(Records drawn from a dataset)
--

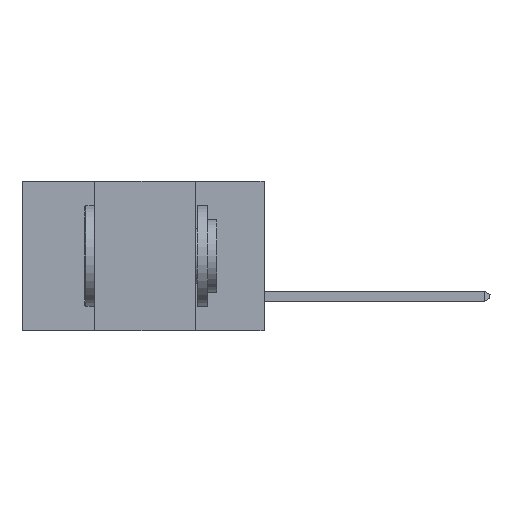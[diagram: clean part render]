
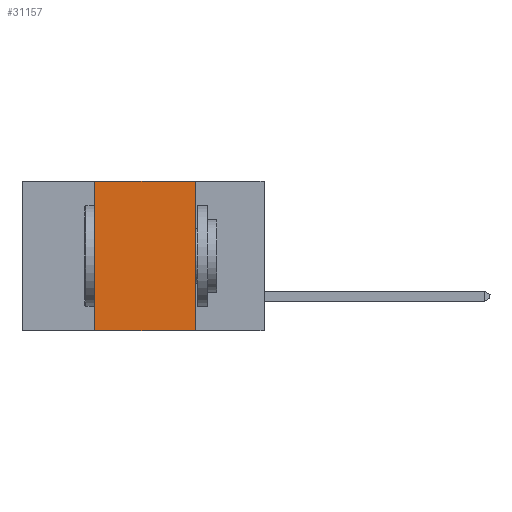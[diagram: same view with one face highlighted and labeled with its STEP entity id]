
A CAD part, left-side view. The second image highlights one B-rep face of the part: STEP entity #31157.
In plain terms, the highlighted planar face has unit normal (-1, 0, 0).
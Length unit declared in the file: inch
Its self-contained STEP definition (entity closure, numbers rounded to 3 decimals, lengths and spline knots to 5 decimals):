
#374 = VERTEX_POINT ( 'NONE', #1283 ) ;
#1283 = CARTESIAN_POINT ( 'NONE',  ( 0., 0.17, 0. ) ) ;
#1466 = EDGE_LOOP ( 'NONE', ( #18965, #11808, #3576, #24573 ) ) ;
#2221 = CARTESIAN_POINT ( 'NONE',  ( 0., 0.6, -0.37 ) ) ;
#3026 = EDGE_CURVE ( 'NONE', #29482, #25819, #9431, .T. ) ;
#3452 = VECTOR ( 'NONE', #10750, 39.37008 ) ;
#3576 = ORIENTED_EDGE ( 'NONE', *, *, #3026, .F. ) ;
#5066 = VECTOR ( 'NONE', #20827, 39.37008 ) ;
#7429 = DIRECTION ( 'NONE',  ( 1., 0., 0. ) ) ;
#8411 = EDGE_CURVE ( 'NONE', #29482, #30334, #15703, .T. ) ;
#8935 = EDGE_CURVE ( 'NONE', #374, #30334, #29437, .T. ) ;
#9431 = LINE ( 'NONE', #15879, #5066 ) ;
#9990 = CARTESIAN_POINT ( 'NONE',  ( 0., 0.42, -0.37 ) ) ;
#10229 = EDGE_CURVE ( 'NONE', #25819, #374, #12451, .T. ) ;
#10750 = DIRECTION ( 'NONE',  ( 0., 0., -1. ) ) ;
#11808 = ORIENTED_EDGE ( 'NONE', *, *, #10229, .F. ) ;
#12451 = LINE ( 'NONE', #28533, #28536 ) ;
#15703 = LINE ( 'NONE', #2221, #31795 ) ;
#15879 = CARTESIAN_POINT ( 'NONE',  ( 0., 0.42, 0. ) ) ;
#16034 = DIRECTION ( 'NONE',  ( 0., -1., 0. ) ) ;
#16156 = CARTESIAN_POINT ( 'NONE',  ( 0., 0.17, 0. ) ) ;
#17753 = DIRECTION ( 'NONE',  ( 0., -1., 0. ) ) ;
#17777 = CARTESIAN_POINT ( 'NONE',  ( 0., 0.17, -0.37 ) ) ;
#18783 = AXIS2_PLACEMENT_3D ( 'NONE', #32179, #7429, #19660 ) ;
#18965 = ORIENTED_EDGE ( 'NONE', *, *, #8935, .F. ) ;
#19660 = DIRECTION ( 'NONE',  ( 0., 0., -1. ) ) ;
#20827 = DIRECTION ( 'NONE',  ( 0., 0., 1. ) ) ;
#24573 = ORIENTED_EDGE ( 'NONE', *, *, #8411, .T. ) ;
#25819 = VERTEX_POINT ( 'NONE', #26880 ) ;
#26880 = CARTESIAN_POINT ( 'NONE',  ( 0., 0.42, 0. ) ) ;
#28533 = CARTESIAN_POINT ( 'NONE',  ( 0., 0.6, 0. ) ) ;
#28536 = VECTOR ( 'NONE', #16034, 39.37008 ) ;
#28873 = FACE_OUTER_BOUND ( 'NONE', #1466, .T. ) ;
#29437 = LINE ( 'NONE', #16156, #3452 ) ;
#29482 = VERTEX_POINT ( 'NONE', #9990 ) ;
#30334 = VERTEX_POINT ( 'NONE', #17777 ) ;
#31157 = ADVANCED_FACE ( 'NONE', ( #28873 ), #32288, .F. ) ;
#31795 = VECTOR ( 'NONE', #17753, 39.37008 ) ;
#32179 = CARTESIAN_POINT ( 'NONE',  ( 0., 0.6, 0. ) ) ;
#32288 = PLANE ( 'NONE',  #18783 ) ;

--

In the entries above, take the line containing "#32179 = CARTESIAN_POINT" and each later line through the last, and repeat them exactly. Output nothing else.

### Answer for this exercise
#32179 = CARTESIAN_POINT ( 'NONE',  ( 0., 0.6, 0. ) ) ;
#32288 = PLANE ( 'NONE',  #18783 ) ;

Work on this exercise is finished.